You’re buying a holiday home abroad. You’ve been advised by a local agent to own the property through a company. Your accountant has warned that this can trigger UK capital gains tax anti-avoidance rules. What are these and when do they apply?

Tax avoidance

Generally, companies which aren’t resident in the UK don’t pay corporation tax (CT) except those relating to gains made from selling some types of UK asset. This seems to allow for a simple tax saving arrangement for individuals resident in the UK, i.e. owning foreign assets through a non-UK resident company. While not every ownership through a foreign company involves tax avoidance HMRC is alive to the possibility of this type of arrangement and has rules to counter it.

What if the anti-avoidance rules apply?

Where the anti-avoidance rules apply to assets owned by a foreign company, capital gains it makes are taxable on the company’s shareholders as if they had make the gains personally. The gain taxable on each shareholder is in proportion to their shareholding in the company.

What isn’t avoidance?

HMRC anti-avoidance rules don’t apply in every case of a property being owned through a foreign company. It would be unreasonable where say, the company runs a business abroad and owned assets related to its trade. For example, a company might own its trading premises in the foreign country. A gain made from selling it would not trigger the anti-avoidance rules. The rules are more precisely targeted.

Anti-avoidance rules

The first condition for the anti-avoidance rules to apply is that the non-UK company it would count as a “close company” if it were a UK company. A close company is, broadly, one owned or controlled by five or has fewer individuals. For example, a company owned by just you and your spouse would be a close company.

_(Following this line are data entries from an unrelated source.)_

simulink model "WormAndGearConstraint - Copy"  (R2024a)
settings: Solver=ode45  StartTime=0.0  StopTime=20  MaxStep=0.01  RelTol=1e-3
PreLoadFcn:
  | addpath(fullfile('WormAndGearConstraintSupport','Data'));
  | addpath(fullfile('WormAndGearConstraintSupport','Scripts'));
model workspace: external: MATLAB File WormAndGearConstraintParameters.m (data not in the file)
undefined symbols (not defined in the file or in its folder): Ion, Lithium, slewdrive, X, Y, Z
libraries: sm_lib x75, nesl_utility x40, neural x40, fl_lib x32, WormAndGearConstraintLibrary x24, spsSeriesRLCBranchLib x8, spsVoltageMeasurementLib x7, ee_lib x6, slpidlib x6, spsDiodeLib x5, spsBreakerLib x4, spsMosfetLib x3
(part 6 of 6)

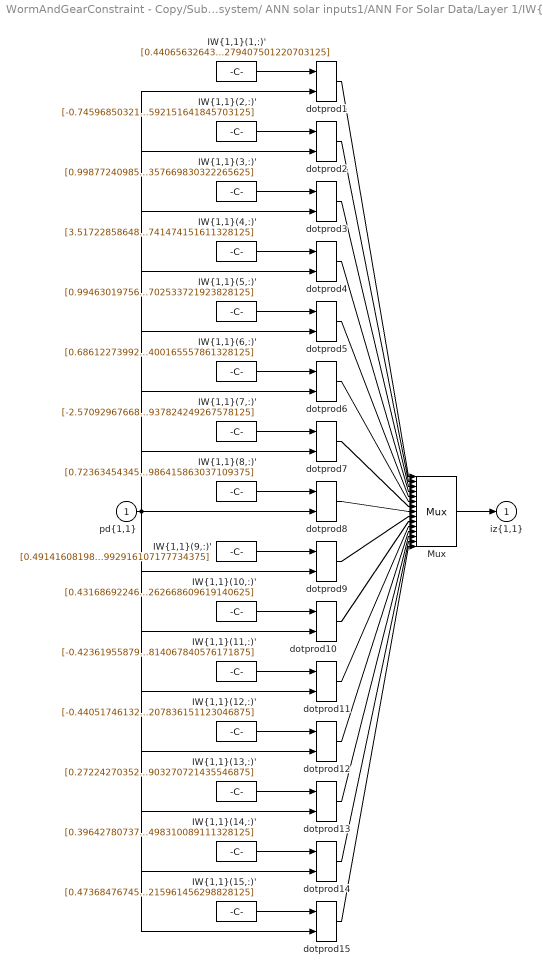
== system WormAndGearConstraint - Copy/Subsystem/ ANN solar inputs1/ANN For Solar Data/Layer 1/IW{1,1} ==
  "pd{1,1}" : Inport  PortDimensions=5
      mask Display: e = 0.06;c1 = [120 230 180]/255;c2 = ([120 230 180]+0)/(256+128);c3 = ([120 230 180]+128)/(256+128);patch([0 1 1 0],[0 0 1 1],c1);patch([0 1 1 1-e 1-e 0+e],[0 0 1 1-e 0+e 0+e],c2);patch([0 0 1 1-e 0+e 0+e],[0 1 1 1-e 1-e 0+e],c3);plot([0 1 1 0 0],[0 0 1 1 0]);
  "IW{1,1}(1,:)'" : Constant  Value=[0.440656326433005729459324584240675903856754302978515625;0.0082499057371298346874599616285195224918425083160400390625;-0.044099552646091534635619524351568543352186679840087890625;-0.00245166785449918260553214821584333549253642559051513671875;-1.5749584398746006019820242727291770279407501220703125]
      mask Display: e = 0.06;c1 = [120 150 230]/255;c2 = ([120 150 230]+0)/383;c3 = ([120 150 230]+128)/383;patch([0 1 1 0],[0 0 1 1],c1);patch([0 1 1 1-e 1-e 0+e],[0 0 1 1-e 0+e 0+e],c2);patch([0 0 1 1-e 0+e 0+e],[0 1 1 1-e 1-e 0+e],c3);plot([0 1 1 0 0],[0 0 1 1 0]);disp('Weights');
  "IW{1,1}(10,:)'" : Constant  Value=[0.43168692246912721000029478091164492070674896240234375;0.034341159783117192194623612522264011204242706298828125;-0.0175976984815091157254851594871070119552314281463623046875;0.00372555310842444774299675458451019949279725551605224609375;-2.406642111020334429127842668094672262668609619140625]
      mask Display: e = 0.06;c1 = [120 150 230]/255;c2 = ([120 150 230]+0)/383;c3 = ([120 150 230]+128)/383;patch([0 1 1 0],[0 0 1 1],c1);patch([0 1 1 1-e 1-e 0+e],[0 0 1 1-e 0+e 0+e],c2);patch([0 0 1 1-e 0+e 0+e],[0 1 1 1-e 1-e 0+e],c3);plot([0 1 1 0 0],[0 0 1 1 0]);disp('Weights');
  "IW{1,1}(11,:)'" : Constant  Value=[-0.42361955879776136413283893489278852939605712890625;1.10977633622082638709116508834995329380035400390625;-0.0835501550278960058992794301957474090158939361572265625;-2.61794715822211987443779435125179588794708251953125;-1.3518274325769723542833844476263038814067840576171875]
      mask Display: e = 0.06;c1 = [120 150 230]/255;c2 = ([120 150 230]+0)/383;c3 = ([120 150 230]+128)/383;patch([0 1 1 0],[0 0 1 1],c1);patch([0 1 1 1-e 1-e 0+e],[0 0 1 1-e 0+e 0+e],c2);patch([0 0 1 1-e 0+e 0+e],[0 1 1 1-e 1-e 0+e],c3);plot([0 1 1 0 0],[0 0 1 1 0]);disp('Weights');
  "IW{1,1}(12,:)'" : Constant  Value=[-0.440517461325625137025241429000743664801120758056640625;-0.01151117447380817053470547506321963737718760967254638671875;0.045248099003977693133293769278679974377155303955078125;0.0032734020863622557973027227262718952260911464691162109375;1.4633094238269730436030613418552093207836151123046875]
      mask Display: e = 0.06;c1 = [120 150 230]/255;c2 = ([120 150 230]+0)/383;c3 = ([120 150 230]+128)/383;patch([0 1 1 0],[0 0 1 1],c1);patch([0 1 1 1-e 1-e 0+e],[0 0 1 1-e 0+e 0+e],c2);patch([0 0 1 1-e 0+e 0+e],[0 1 1 1-e 1-e 0+e],c3);plot([0 1 1 0 0],[0 0 1 1 0]);disp('Weights');
  "IW{1,1}(13,:)'" : Constant  Value=[0.27224270352471890976886470525641925632953643798828125;-1.043836614745576429896800618735142052173614501953125;0.1896766694888755433456850596485310234129428863525390625;0.004672440805683443498796947324080974794924259185791015625;2.0409373300063844425267234328202903270721435546875]
      mask Display: e = 0.06;c1 = [120 150 230]/255;c2 = ([120 150 230]+0)/383;c3 = ([120 150 230]+128)/383;patch([0 1 1 0],[0 0 1 1],c1);patch([0 1 1 1-e 1-e 0+e],[0 0 1 1-e 0+e 0+e],c2);patch([0 0 1 1-e 0+e 0+e],[0 1 1 1-e 1-e 0+e],c3);plot([0 1 1 0 0],[0 0 1 1 0]);disp('Weights');
  "IW{1,1}(14,:)'" : Constant  Value=[0.396427807374588436761797538565588183701038360595703125;-1.789625106557950484642560695647262036800384521484375;-2.682230989124238629273122569429688155651092529296875;8.9025806104754980907500794273801147937774658203125;-4.12817824967732338592441010405309498310089111328125]
      mask Display: e = 0.06;c1 = [120 150 230]/255;c2 = ([120 150 230]+0)/383;c3 = ([120 150 230]+128)/383;patch([0 1 1 0],[0 0 1 1],c1);patch([0 1 1 1-e 1-e 0+e],[0 0 1 1-e 0+e 0+e],c2);patch([0 0 1 1-e 0+e 0+e],[0 1 1 1-e 1-e 0+e],c3);plot([0 1 1 0 0],[0 0 1 1 0]);disp('Weights');
  "IW{1,1}(15,:)'" : Constant  Value=[0.47368476745276277828367028632783330976963043212890625;-5.28165834570436576456131660961546003818511962890625;-0.581430249082355743439620709978044033050537109375;0.038405255237450079686123416422560694627463817596435546875;-2.768289678256326880045889993198215961456298828125]
      mask Display: e = 0.06;c1 = [120 150 230]/255;c2 = ([120 150 230]+0)/383;c3 = ([120 150 230]+128)/383;patch([0 1 1 0],[0 0 1 1],c1);patch([0 1 1 1-e 1-e 0+e],[0 0 1 1-e 0+e 0+e],c2);patch([0 0 1 1-e 0+e 0+e],[0 1 1 1-e 1-e 0+e],c3);plot([0 1 1 0 0],[0 0 1 1 0]);disp('Weights');
  "IW{1,1}(2,:)'" : Constant  Value=[-0.7459685032199796506091615810873918235301971435546875;0.03958991653606432070677811907444265671074390411376953125;-0.06880802029727785262824824030758463777601718902587890625;-0.00192728313709774300155341819618115550838410854339599609375;-3.09817162747569074809916855883784592151641845703125]
      mask Display: e = 0.06;c1 = [120 150 230]/255;c2 = ([120 150 230]+0)/383;c3 = ([120 150 230]+128)/383;patch([0 1 1 0],[0 0 1 1],c1);patch([0 1 1 1-e 1-e 0+e],[0 0 1 1-e 0+e 0+e],c2);patch([0 0 1 1-e 0+e 0+e],[0 1 1 1-e 1-e 0+e],c3);plot([0 1 1 0 0],[0 0 1 1 0]);disp('Weights');
  "IW{1,1}(3,:)'" : Constant  Value=[0.998772409858738274834877302055247128009796142578125;-0.119100118965819457006460879711084999144077301025390625;1.4734412523383586535175027165678329765796661376953125;0.1082246900612085227511016682910849340260028839111328125;-1.4500986091884959794384712949977256357669830322265625]
      mask Display: e = 0.06;c1 = [120 150 230]/255;c2 = ([120 150 230]+0)/383;c3 = ([120 150 230]+128)/383;patch([0 1 1 0],[0 0 1 1],c1);patch([0 1 1 1-e 1-e 0+e],[0 0 1 1-e 0+e 0+e],c2);patch([0 0 1 1-e 0+e 0+e],[0 1 1 1-e 1-e 0+e],c3);plot([0 1 1 0 0],[0 0 1 1 0]);disp('Weights');
  "IW{1,1}(4,:)'" : Constant  Value=[3.517228586487414876415869002812542021274566650390625;-11.1530312237673268072057908284477889537811279296875;-0.03467422529560158783734635790096945129334926605224609375;-0.0253280237128823415559963905252516269683837890625;1.7180664031691634807685886698891408741474151611328125]
      mask Display: e = 0.06;c1 = [120 150 230]/255;c2 = ([120 150 230]+0)/383;c3 = ([120 150 230]+128)/383;patch([0 1 1 0],[0 0 1 1],c1);patch([0 1 1 1-e 1-e 0+e],[0 0 1 1-e 0+e 0+e],c2);patch([0 0 1 1-e 0+e 0+e],[0 1 1 1-e 1-e 0+e],c3);plot([0 1 1 0 0],[0 0 1 1 0]);disp('Weights');
  "IW{1,1}(5,:)'" : Constant  Value=[0.9946301975619282753626748672104440629482269287109375;-0.1600082753687088743532740409136749804019927978515625;-1.521780916815078654735771124251186847686767578125;-0.1297648495221437048297019600795465521514415740966796875;-1.2414916778623013016158438404090702533721923828125]
      mask Display: e = 0.06;c1 = [120 150 230]/255;c2 = ([120 150 230]+0)/383;c3 = ([120 150 230]+128)/383;patch([0 1 1 0],[0 0 1 1],c1);patch([0 1 1 1-e 1-e 0+e],[0 0 1 1-e 0+e 0+e],c2);patch([0 0 1 1-e 0+e 0+e],[0 1 1 1-e 1-e 0+e],c3);plot([0 1 1 0 0],[0 0 1 1 0]);disp('Weights');
  "IW{1,1}(6,:)'" : Constant  Value=[0.68612273992241623599142030798248015344142913818359375;-0.104982209681928895239622079316177405416965484619140625;-0.613241164669414917653966767829842865467071533203125;-0.05920533907694876252225668622486409731209278106689453125;1.0022019309219019067569433900644071400165557861328125]
      mask Display: e = 0.06;c1 = [120 150 230]/255;c2 = ([120 150 230]+0)/383;c3 = ([120 150 230]+128)/383;patch([0 1 1 0],[0 0 1 1],c1);patch([0 1 1 1-e 1-e 0+e],[0 0 1 1-e 0+e 0+e],c2);patch([0 0 1 1-e 0+e 0+e],[0 1 1 1-e 1-e 0+e],c3);plot([0 1 1 0 0],[0 0 1 1 0]);disp('Weights');
  "IW{1,1}(7,:)'" : Constant  Value=[-2.57092967668512972778671610285528004169464111328125;-0.01478187733930325098441471709520556032657623291015625;-5.47678773959155140715893139713443815708160400390625;-0.6069798796372032345658453778014518320560455322265625;-1.7852945216614053425274732944671995937824249267578125]
      mask Display: e = 0.06;c1 = [120 150 230]/255;c2 = ([120 150 230]+0)/383;c3 = ([120 150 230]+128)/383;patch([0 1 1 0],[0 0 1 1],c1);patch([0 1 1 1-e 1-e 0+e],[0 0 1 1-e 0+e 0+e],c2);patch([0 0 1 1-e 0+e 0+e],[0 1 1 1-e 1-e 0+e],c3);plot([0 1 1 0 0],[0 0 1 1 0]);disp('Weights');
  "IW{1,1}(8,:)'" : Constant  Value=[0.72363454345364075503965750613133423030376434326171875;-0.162701561217215739940655794271151535212993621826171875;0.385534273778422253986519763202522881329059600830078125;0.0214664874822279548582937280798432766459882259368896484375;1.186058790761077119668698287568986415863037109375]
      mask Display: e = 0.06;c1 = [120 150 230]/255;c2 = ([120 150 230]+0)/383;c3 = ([120 150 230]+128)/383;patch([0 1 1 0],[0 0 1 1],c1);patch([0 1 1 1-e 1-e 0+e],[0 0 1 1-e 0+e 0+e],c2);patch([0 0 1 1-e 0+e 0+e],[0 1 1 1-e 1-e 0+e],c3);plot([0 1 1 0 0],[0 0 1 1 0]);disp('Weights');
  "IW{1,1}(9,:)'" : Constant  Value=[0.491416081983666319654702192565309815108776092529296875;-0.063370266488279758387847095946199260652065277099609375;-0.14774698755400617056210421651485376060009002685546875;-0.0228903924921436026373999794714109157212078571319580078125;0.65075914416514757387943745925440452992916107177734375]
      mask Display: e = 0.06;c1 = [120 150 230]/255;c2 = ([120 150 230]+0)/383;c3 = ([120 150 230]+128)/383;patch([0 1 1 0],[0 0 1 1],c1);patch([0 1 1 1-e 1-e 0+e],[0 0 1 1-e 0+e 0+e],c2);patch([0 0 1 1-e 0+e 0+e],[0 1 1 1-e 1-e 0+e],c3);plot([0 1 1 0 0],[0 0 1 1 0]);disp('Weights');
  Mux : Mux  Inputs=15
      mask Display: e = 0.06;c1 = [120 150 230]/255;c2 = ([120 150 230]+0)/383;c3 = ([120 150 230]+128)/383;patch([0 1 1 0],[0 0 1 1],c1);patch([0 1 1 1-e 1-e 0+e],[0 0 1 1-e 0+e 0+e],c2);patch([0 0 1 1-e 0+e 0+e],[0 1 1 1-e 1-e 0+e],c3);plot([0 1 1 0 0],[0 0 1 1 0]);disp('Mux');
  dotprod{1..15} (15 alike) : neural/Weight Functions/dotprod
  "iz{1,1}" : Outport
      mask Display: e = 0.06;c1 = [120 230 180]/255;c2 = ([120 230 180]+0)/(256+128);c3 = ([120 230 180]+128)/(256+128);patch([0 1 1 0],[0 0 1 1],c1);patch([0 1 1 1-e 1-e 0+e],[0 0 1 1-e 0+e 0+e],c2);patch([0 0 1 1-e 0+e 0+e],[0 1 1 1-e 1-e 0+e],c3);plot([0 1 1 0 0],[0 0 1 1 0]);
  wires:
  "IW{1,1}(1,:)'"/1 -> dotprod1/1
  "pd{1,1}"/1 -> dotprod1/2, dotprod2/2, dotprod3/2, dotprod4/2, dotprod5/2, dotprod6/2, dotprod7/2, dotprod8/2, dotprod9/2, dotprod10/2, dotprod11/2, dotprod12/2, dotprod13/2, dotprod14/2, dotprod15/2
  dotprod1/1 -> Mux/1
  "IW{1,1}(2,:)'"/1 -> dotprod2/1
  dotprod2/1 -> Mux/2
  "IW{1,1}(3,:)'"/1 -> dotprod3/1
  dotprod3/1 -> Mux/3
  "IW{1,1}(4,:)'"/1 -> dotprod4/1
  dotprod4/1 -> Mux/4
  "IW{1,1}(5,:)'"/1 -> dotprod5/1
  dotprod5/1 -> Mux/5
  "IW{1,1}(6,:)'"/1 -> dotprod6/1
  dotprod6/1 -> Mux/6
  "IW{1,1}(7,:)'"/1 -> dotprod7/1
  dotprod7/1 -> Mux/7
  "IW{1,1}(8,:)'"/1 -> dotprod8/1
  dotprod8/1 -> Mux/8
  "IW{1,1}(9,:)'"/1 -> dotprod9/1
  dotprod9/1 -> Mux/9
  "IW{1,1}(10,:)'"/1 -> dotprod10/1
  dotprod10/1 -> Mux/10
  "IW{1,1}(11,:)'"/1 -> dotprod11/1
  dotprod11/1 -> Mux/11
  "IW{1,1}(12,:)'"/1 -> dotprod12/1
  dotprod12/1 -> Mux/12
  "IW{1,1}(13,:)'"/1 -> dotprod13/1
  dotprod13/1 -> Mux/13
  "IW{1,1}(14,:)'"/1 -> dotprod14/1
  dotprod14/1 -> Mux/14
  "IW{1,1}(15,:)'"/1 -> dotprod15/1
  dotprod15/1 -> Mux/15
  Mux/1 -> "iz{1,1}"/1

== system WormAndGearConstraint - Copy/Subsystem/ ANN solar inputs1/ANN For Solar Data/Layer 2/Delays 1 ==
  "p{2}" : Inport  PortDimensions=15
      mask Display: e = 0.06;c1 = [120 230 180]/255;c2 = ([120 230 180]+0)/(256+128);c3 = ([120 230 180]+128)/(256+128);patch([0 1 1 0],[0 0 1 1],c1);patch([0 1 1 1-e 1-e 0+e],[0 0 1 1-e 0+e 0+e],c2);patch([0 0 1 1-e 0+e 0+e],[0 1 1 1-e 1-e 0+e],c3);plot([0 1 1 0 0],[0 0 1 1 0]);
  mux : Mux  Inputs=1
      mask Display: e = 0.06;c1 = [120 150 230]/255;c2 = ([120 150 230]+0)/383;c3 = ([120 150 230]+128)/383;patch([0 1 1 0],[0 0 1 1],c1);patch([0 1 1 1-e 1-e 0+e],[0 0 1 1-e 0+e 0+e],c2);patch([0 0 1 1-e 0+e 0+e],[0 1 1 1-e 1-e 0+e],c3);plot([0 1 1 0 0],[0 0 1 1 0]);disp('Mux')
  "pd{2,1}" : Outport
      mask Display: e = 0.06;c1 = [120 230 180]/255;c2 = ([120 230 180]+0)/(256+128);c3 = ([120 230 180]+128)/(256+128);patch([0 1 1 0],[0 0 1 1],c1);patch([0 1 1 1-e 1-e 0+e],[0 0 1 1-e 0+e 0+e],c2);patch([0 0 1 1-e 0+e 0+e],[0 1 1 1-e 1-e 0+e],c3);plot([0 1 1 0 0],[0 0 1 1 0]);
  wires:
  "p{2}"/1 -> mux/1
  mux/1 -> "pd{2,1}"/1

== system WormAndGearConstraint - Copy/Subsystem/ ANN solar inputs1/ANN For Solar Data/Layer 2/LW{2,1} ==
  "ad{2,1}" : Inport  PortDimensions=15
      mask Display: e = 0.06;c1 = [120 230 180]/255;c2 = ([120 230 180]+0)/(256+128);c3 = ([120 230 180]+128)/(256+128);patch([0 1 1 0],[0 0 1 1],c1);patch([0 1 1 1-e 1-e 0+e],[0 0 1 1-e 0+e 0+e],c2);patch([0 0 1 1-e 0+e 0+e],[0 1 1 1-e 1-e 0+e],c3);plot([0 1 1 0 0],[0 0 1 1 0]);
  "IW{2,1}(1,:)'" : Constant  Value=[-32.01745748567214633339972351677715778350830078125;1.31095166621215941660238968324847519397735595703125;0.42367758547066125540681014172150753438472747802734375;0.061422766084801093400269422772908001206815242767333984375;0.405265069982068959486554149407311342656612396240234375;2.479602125875937534971171771758235991001129150390625;0.07951932451130448720189036748706712387502193450927734375;2.0534231492268144592117096181027591228485107421875;-5.86111145507272457422232037060894072055816650390625;-2.668935957347304377407226638752035796642303466796875;0.0153001736286322957691918844602696481160819530487060546875;-33.27081827550976100837942794896662235260009765625;-0.361119480884813104371033887218800373375415802001953125;0.01235634921334839708695341187194571830332279205322265625;0.04399530117652304672670737772932625375688076019287109375]
      mask Display: e = 0.06;c1 = [120 150 230]/255;c2 = ([120 150 230]+0)/383;c3 = ([120 150 230]+128)/383;patch([0 1 1 0],[0 0 1 1],c1);patch([0 1 1 1-e 1-e 0+e],[0 0 1 1-e 0+e 0+e],c2);patch([0 0 1 1-e 0+e 0+e],[0 1 1 1-e 1-e 0+e],c3);plot([0 1 1 0 0],[0 0 1 1 0]);disp('weights');
  Mux : Mux  Inputs=1
      mask Display: e = 0.06;c1 = [120 150 230]/255;c2 = ([120 150 230]+0)/383;c3 = ([120 150 230]+128)/383;patch([0 1 1 0],[0 0 1 1],c1);patch([0 1 1 1-e 1-e 0+e],[0 0 1 1-e 0+e 0+e],c2);patch([0 0 1 1-e 0+e 0+e],[0 1 1 1-e 1-e 0+e],c3);plot([0 1 1 0 0],[0 0 1 1 0]);disp('Mux');
  dotprod1 : neural/Weight Functions/dotprod
  "lz{2,1}" : Outport
      mask Display: e = 0.06;c1 = [120 230 180]/255;c2 = ([120 230 180]+0)/(256+128);c3 = ([120 230 180]+128)/(256+128);patch([0 1 1 0],[0 0 1 1],c1);patch([0 1 1 1-e 1-e 0+e],[0 0 1 1-e 0+e 0+e],c2);patch([0 0 1 1-e 0+e 0+e],[0 1 1 1-e 1-e 0+e],c3);plot([0 1 1 0 0],[0 0 1 1 0]);
  wires:
  "IW{2,1}(1,:)'"/1 -> dotprod1/1
  "ad{2,1}"/1 -> dotprod1/2
  dotprod1/1 -> Mux/1
  Mux/1 -> "lz{2,1}"/1

== matlab function WormAndGearConstraint - Copy/Subsystem/ ANN solar inputs1/MATLAB Function1 ==
  data: lat input; output output; lon input
function output = generateInput(lat, lon)
    % Get the current date and time
    datetimeNow = datetime('now');
    [~, month, day , hour, ~, ~] = datevec(datetimeNow);

    % Create the output array
    output = [lat; lon; month; day; hour];
end

== matlab function WormAndGearConstraint - Copy/Subsystem/Subsystem1/battery bank /MATLAB Function ==
  data: SOC input; charge_ctrl output; discharge_ctrl output
function [charge_ctrl, discharge_ctrl] = battery_breaker_control(SOC)
% Inputs:
% SOC  - State of Charge (%)
% Outputs:
% charge_ctrl     - Control signal for the charger (1 = Allow charging, 0 = Stop charging)
% discharge_ctrl  - Control signal for the discharger (1 = Allow discharging, 0 = Stop discharging)

% Define SOC limits
SOC_max = 80; % Maximum SOC limit (%)
SOC_min = 20; % Minimum SOC limit (%)

% Default: Allow charging and discharging
charge_ctrl = 1;    % 1 = Charging allowed
discharge_ctrl = 1; % 1 = Discharging allowed

% Stop charging if SOC exceeds the maximum limit
if SOC > SOC_max
    charge_ctrl = 0; % Stop charging
end

% Stop discharging if SOC drops below the minimum limit
if SOC < SOC_min
    discharge_ctrl = 0; % Stop discharging
end
end

== matlab function WormAndGearConstraint - Copy/Subsystem/fresnal Algo for irradiance/MATLAB Function ==
  data: S2 input; Ir2 output; Incl input
function Ir2 = optics2(S2, Incl)
    
    %This function computes the reflection, absorption and transmission in
    %the glass to compute the irradiation to the PV cells, the heat absorbed 
    %in the glass and the radiation power absorbed in the PV cells,
    %it is based on Fresnel's laws, depending on the incident angle
    
    Ncell =  72;
    Acell =  0.0225;
    ng = 1.52;
    absg = 0.2;
    dg = 0.01;
    rpv = 0.15;
   

    % Fresnel equations 1st boundary
    r1p =  ( ng^2*cos(Incl) - sqrt(ng^2 - sin(Incl)^2) )^2/( ng^2*cos(Incl) + sqrt( ng^2 - sin(Incl)^2 ) )^2; %P polarization
    r1s =  ( cos(Incl) - sqrt(ng^2 - sin(Incl)^2) )^2/( cos(Incl) + sqrt( ng^2 - sin(Incl)^2 ) )^2; %S polarization
    r1 = 0.5*(r1p + r1s); %Effective reflectance
    t1 = 1-r1;

    nga = 1/ng; %refractive index glass -> air
    th2 = asin(sin(Incl)/ng);  %Snell's law to compute angle of incidence on 2nd boundary

    % Fresnel equations 2nd boundary
    r2p = ( nga^2*cos(th2) - sqrt(nga^2 - sin(th2)^2) )^2/( nga^2*cos(th2) + sqrt( nga^2 - sin(th2)^2 ) )^2 ;
    r2s = ( cos(th2) - sqrt(nga^2 - sin(th2)^2) )^2/( cos(th2) + sqrt( nga^2 - sin(th2)^2 ) )^2 ;
    r2 = 0.5*(r2p + r2s); %Effective reflectance
    t2 = 1 - r2;

    taug = exp(-absg*dg/cos(th2)); 
    
    %Total coefficients for infinite reflections between 2 parallel boundaries
    Transg = t1*taug*t2/(1 - r1*r2*taug^2);
    Reflg = r1 + (t1^2*taug^2*r2)/(1 - r1*r2*taug^2);
    Absg = 1 - Transg - Reflg; 

    Ir2 = S2*Transg; %Irradiation to the PV cells
    heatg = Acell*Ncell*Absg*S2; %heat absorbed in the glass
    powAbspv = Acell*Ncell*Transg*(1-rpv)*S2; %radiation power absorbed by PV cells. Part of it transforms in electrical power
    
end

== matlab function WormAndGearConstraint - Copy/Solar Array/MATLAB Function ==
  data: lat input; output output; lon input
function output = generateInput(lat, lon)
    % Get the current date and time
    datetimeNow = datetime('now');
    [~, month, day , hour, ~, ~] = datevec(datetimeNow);

    % Create the output array
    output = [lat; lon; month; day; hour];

Trap. You can’t avoid the “close company” label by sharing ownership of the company with close family members to avoid the five-individuals test. Your and your families shares in the company a lumped together for this purposes.

Tip. Even if the company and shareholders meet the conditions for the anti-avoidance rules to apply, if you and persons connected with you, e.g. close family members, don’t together own at least 25% of the company the anti-avoidance rule is ignored, meaning you won’t have to pay tax on the gains the company makes.

A further get out clause

The anti-avoidance rules were overhauled in 2013 to be more relaxed. In our experience, because the old version of the rules existed for many years the more changes aren’t well known. One of the key difference is that the anti-avoidance rules now only apply where ownership of the property through a foreign company is “part of a scheme or arrangements of which the main purpose, or one of the main purposes, was avoidance of liability to capital gains tax or corporation tax”.

Tip. Owning a property to prevent problems with foreign succession or other rules and regulations is no longer a trigger for the anti-avoidance rules.

The rules make the owners of a foreign company liable to UK tax on gains it makes. However, since 2013 this doesn’t apply unless the reason for using the foreign company is an arrangement to avoid UK capital gains or corporation tax. Using a foreign company to prevent say, the foreign succession rules applying doesn’t count as avoidance.